Wednesday, April 20, 2005

Why not take the money from NASA?

This is based on an old post from just after the horrific geological event that was the boxing day tsunami. Guest contributor Alan R.M. Jones in the post Genuine Global Threat on Tim Blair’s blog pulled out the old false dilemma trick:

Yesterday, more than 14,000 people died due to the results of a regular - if infrequent - seismological event. Most of them could have been saved if the governments of the countries, where those people lost their lives and property, had spent a paltry sum of money to install a tsunami warning system such as exists among the Pacific Rim countries. Instead, Australians and Americans are lectured ad nauseam by the likes of [Bob] Carr about the consequences of a global warming. Millions of dollars is spent on research. Politicians travel to far-off places to gas on at UN conferences - spending millions more.

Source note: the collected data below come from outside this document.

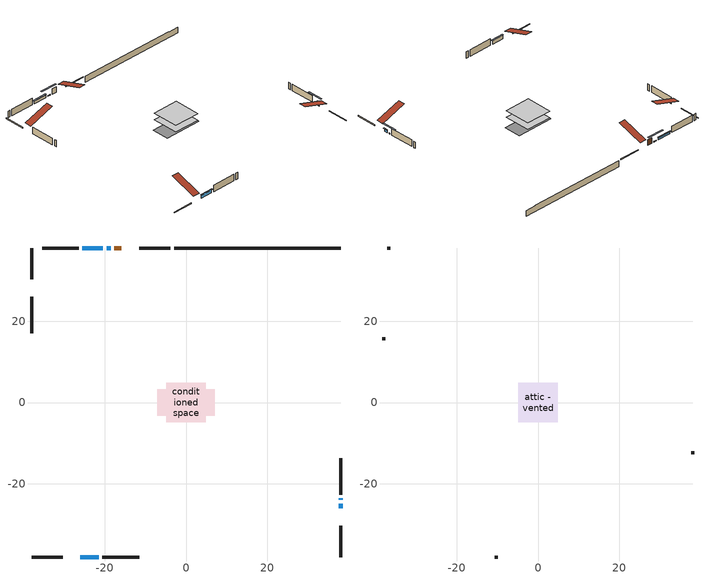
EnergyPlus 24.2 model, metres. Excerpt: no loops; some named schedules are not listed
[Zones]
conditioned space
 floor outside (Floor1 construction): -0.81,-0.81 -0.81,0.81 0.81,0.81 0.81,-0.81 z0.77
 floor adiabatic (AdiabaticFloorConstruction): -4.84,-4.84 -4.84,4.84 4.84,4.84 4.84,-4.84 z0.77
 floor foundation (Slab1 construction): -7.03,-3.21 -7.03,3.21 7.03,3.21 7.03,-3.21 z-1.52
 wall outside (RimJoist1 construction): -3.86,38.01 -11.54,38.01 / -38.01,-38.01 -30.34,-38.01 / -38.01,38.01 -38.01,30.34 / 38.01,-38.01 38.01,-30.34 z0.77:1.07
 wall outside (AdiabaticWallConstruction 1): -15.9,38.01 -17.61,38.01 z0.77:2.8
 wall outside (AdiabaticWallConstruction): 38.01,-25.97 38.01,-24.88 z0.77:1.73; 38.01,-23.95 38.01,-23.61 / -18.54,38.01 -19.56,38.01 z0.77:1.07; -20.48,38.01 -25.49,38.01 z0.77:1.65; -25.97,-38.01 -21.47,-38.01 z0.77:2.09
 wall outside (Wall1 construction): -26.41,38.01 -35.4,38.01 / -20.55,-38.01 -11.56,-38.01 / -38.01,25.97 -38.01,16.99 / 38.01,-22.68 38.01,-13.7 z0.77:3.21
 wall foundation (FoundationWall1 construction): -2.93,38.01,-1.52 -2.93,38.01,0.77 33.92,38.01,0.77 33.92,38.01,0.67 38.01,38.01,0.67 38.01,38.01,-1.52
 window (WindowConstruction): 38.01,-25.97 38.01,-24.88 z0.77:1.73
 window (WindowConstruction 3): 38.01,-23.95 38.01,-23.61 z0.77:1.07
 window (WindowConstruction 4): -18.54,38.01 -19.56,38.01 z0.77:1.07
 window (WindowConstruction 1): -20.49,38.01 -25.49,38.01 z0.77:1.65
 window (WindowConstruction 2): -25.97,-38.01 -21.47,-38.01 z0.77:2.09
 door (Door): -15.9,38.01 -17.61,38.01 z0.77:2.8
 ceiling adiabatic (AdiabaticFloorConstruction): 4.84,-4.84 4.84,4.84 -4.84,4.84 -4.84,-4.84 z0.77
attic - vented
 floor to conditioned space (Floor2 construction Reversed): -4.88,-4.88 -4.88,4.88 4.88,4.88 4.88,-4.88 z3.21
 wall outside (Wall2 construction): -36.33,38.01 -37.09,38.01 / -10.63,-38.01 -9.88,-38.01 / -38.01,16.06 -38.01,15.3 / 38.01,-12.77 38.01,-12.01 z0.77:3.21
 roof outside (Roof1 construction): -14.97,38.01,3.21 -14.97,28.5,6.38 -12.47,28.5,6.38 -12.47,38.01,3.21; -26.9,-38.01,3.21 -26.9,-28.5,6.38 -29.41,-28.5,6.38 -29.41,-38.01,3.21; -38.01,26.9,3.21 -28.5,26.9,6.38 -28.5,29.41,6.38 -38.01,29.41,3.21; 38.01,-26.9,3.21 28.5,-26.9,6.38 28.5,-29.41,6.38 38.01,-29.41,3.21
shading: 38.01,-24.68 38.01,-26.17 38.43,-26.17 38.43,-24.68 z1.93; 38.01,-20.97 38.01,-26.59 38.43,-26.59 38.43,-20.97 z3.71; -22.2,38.01 -15.9,38.01 -15.9,38.43 -22.2,38.43 z3.71; -25.69,38.01 -20.28,38.01 -20.28,38.43 -25.69,38.43 z1.85; -21.27,-38.01 -26.17,-38.01 -26.17,-38.43 -21.27,-38.43 z2.29
[Building]
Building 1: Terrain=Suburbs
[Site:Location]
Winnipeg Intl AP_MB: Latitude {deg}=49.91; Longitude {deg}=-97.24; Time Zone {hr}=-6; Elevation {m}=239; Keep Site Location Information=Yes
[Site:GroundTemperature:Shallow]
-2.46526, -5.11642, -5.32873, -4.07063, 0.979979, 6.00706, 10.3653, 13.1261, 13.3606, 11.1152, 6.8681, 1.99523
[Site:WaterMainsTemperature]
Calculation Method=Schedule; Temperature Schedule=mains temperature schedule
[Material] Roughness=Rough; Thermal Absorptance=0.9
Name | Thickness {m} | Conductivity {W/m-K} | Density {kg/m3} | Specific Heat {J/kg-K} | Solar Absorptance | Visible Absorptance
asphalt or fiberglass shingles | 0.00635 | 0.162714 | 1121.4 | 1465.45 | 0.84 | 0.84
ceiling loosefill ins | 0.169333 | 0.0480833 | 16.02 | 1046.75 | 0.7 | 0.7
ceiling stud and cavity | 0.1397 | 0.566682 | 65.682 | 1177.47 | 0.7 | 0.7
concrete 4.0 in. | 0.1016 | 1.803125 | 2242.8 | 837.4 | 0.7 | 0.7
concrete 8.0 in. | 0.2032 | 1.803125 | 2242.8 | 837.4 | 0.7 | 0.7
door material | 0.04445 | 0.053851 | 512.64 | 1214.23 | 0.7 | 0.7
exterior vertical ins | 0.0366079 | 0.029427 | 32.04 | 1214.23 | 0.7 | 0.7
floor covering | 0.0127 | 0.0433444 | 54.468 | 1339.84 | 0.6 | 0.6
floor rigid ins | 0.051816 | 0.029427 | 32.04 | 1214.23 | 0.7 | 0.7
floor rigid ins 1; wall rigid ins | 0.512978 | 0.029427 | 32.04 | 1214.23 | 0.7 | 0.7
floor stud and cavity | 0.1397 | 0.353874 | 92.3553 | 1139.71 | 0.7 | 0.7
floor stud and cavity 1 | 0.1397 | 1.75129 | 37.0049 | 1207.88 | 0.7 | 0.7
furniture material conditioned space 1 | 0.1524 | 0.115458 | 640.8 | 1214.23 | 0.6 | 0.6
gypsum board | 0.0127 | 0.160291 | 801 | 837.4 | 0.6 | 0.6
gypsum board 1 | 0.0127 | 0.160291 | 801 | 837.4 | 0.7 | 0.7
osb sheathing 0.5 in. | 0.0127 | 0.115458 | 512.64 | 1214.23 | 0.7 | 0.7
osb sheathing 0.75 in. | 0.01905 | 0.115458 | 512.64 | 1214.23 | 0.7 | 0.7
osb sheathing 2.0 in. | 0.0508 | 0.115458 | 512.64 | 1214.23 | 0.7 | 0.7
rim joist stud and cavity | 0.0508 | 0.0448274 | 125.044 | 1163.47 | 0.6 | 0.6
wall stud and cavity | 0.1397 | 0.0934493 | 139.0536 | 1170.24 | 0.7 | 0.7
wall stud and cavity 1 | 0.0889 | 6.1454 | 50.32683 | 1063.81 | 0.6 | 0.6
wall stud and cavity 2 | 0.0889 | 0.380278 | 52.3479 | 1209.89 | 0.7 | 0.7
wall stud and cavity 3 | 0.0889 | 0.391764 | 83.0341 | 1211.67 | 0.7 | 0.7
wood siding | 0.0254 | 0.102417 | 544.68 | 1172.36 | 0.4 | 0.4
wood siding 1 | 0.00254 | 0.102417 | 544.68 | 1172.36 | 0.4 | 0.4
wood siding 2; wood siding 3; wood siding 4 | 0.0254 | 0.102417 | 544.68 | 1172.36 | 0.7 | 0.7
[WindowMaterial:SimpleGlazingSystem]
Name | U-Factor {W/m2-K} | Solar Heat Gain Coefficient
WindowMaterial | 1.8516 | 0.55
WindowMaterial 1 | 1.88453 | 0.54
WindowMaterial 2 | 1.7511 | 0.57
WindowMaterial 3 | 3.24952 | 0.43
WindowMaterial 4 | 3.26144 | 0.43
[Construction]
AdiabaticFloorConstruction: floor stud and cavity 1, floor rigid ins 1, osb sheathing 0.75 in., floor covering
AdiabaticWallConstruction: wood siding 3, wall rigid ins, wall stud and cavity 2, gypsum board
AdiabaticWallConstruction 1: wood siding 4, wall rigid ins, wall stud and cavity 2, gypsum board
Door: door material
Floor1 construction: floor stud and cavity, floor rigid ins, osb sheathing 0.75 in., floor covering
Floor2 construction Reversed: gypsum board, ceiling stud and cavity, ceiling loosefill ins
FoundationWall1 construction: concrete 8.0 in., gypsum board 1
furniture construction conditioned space 1: furniture material conditioned space 1
PartitionWallConstruction: gypsum board, wall stud and cavity 3, gypsum board
RimJoist1 construction: wood siding 2, osb sheathing 2.0 in., rim joist stud and cavity
Roof1 construction: asphalt or fiberglass shingles
Slab1 construction: concrete 4.0 in.
Wall1 construction: wood siding, osb sheathing 0.5 in., wall stud and cavity, gypsum board
Wall2 construction: wood siding 1, wall stud and cavity 1
WindowConstruction: WindowMaterial
WindowConstruction 1: WindowMaterial 1
WindowConstruction 2: WindowMaterial 2
WindowConstruction 3: WindowMaterial 3
WindowConstruction 4: WindowMaterial 4
[Zone] Multiplier=1; Part of Total Floor Area=Yes
Name | Volume {m3}
attic - vented | 49.1179
conditioned space | 459.5
[Space]
Name | Zone | Volume {m3}
attic - vented 1 | attic - vented | 49.1179
conditioned space 1 | conditioned space | 459.5
[ZoneInfiltration:EffectiveLeakageArea]
infil attic - vented 1: Zone or Space=attic - vented 1; Schedule=Always On Discrete; Effective Air Leakage Area {cm2}=3180.33; Stack Coefficient=0.000390088; Wind Coefficient=1.33445e-05
[ZoneMixing]
whole house fan mix: Zone or Space=attic - vented; Schedule=Always On Continuous; Design Flow Rate Calculation Method=Flow/Zone; Design Flow Rate {m3/s}=0; Source Zone or Space=conditioned space
[SurfaceProperty:ExposedFoundationPerimeter]
Slab1: Exposed Perimeter Calculation Method=TotalExposedPerimeter; Total Exposed Perimeter {m}=40.946
[InternalMass] Zone or ZoneList=conditioned space; Space or SpaceList=conditioned space 1
Name | Construction | Surface Area {m2}
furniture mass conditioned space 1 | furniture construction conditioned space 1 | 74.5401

Why did he choose to pick on global warming? Why not NASA, or the Military? They tend to be favoured the most by other people who employ the false dilemma fallacy - the error of portraying one choice as necessarily excluding another, even though there is no necessary connection. Why can't governments have warning systems and research global warming? Where is the connection between the lecturing of Australians and Americans on the consequences of global warming and a tsunami warning system?

Another example: "They should solve world poverty before they try to put humans on Mars." While this may sound superficially plausible, the unstated and bizarre implication is that the advocate believes if money were not expended on a Mars expedition, it would be diverted to the alleviation of poverty. Okay…?

Jones implies that global warming is rubbish; ergo no money should be spent on researching it. Ironically, that attitude is one the governments of the countries affected by the tsunami had when it came to spending money on a warning system. The chance of a tsunami in the Indian Ocean was so small as to not warrant a warning system...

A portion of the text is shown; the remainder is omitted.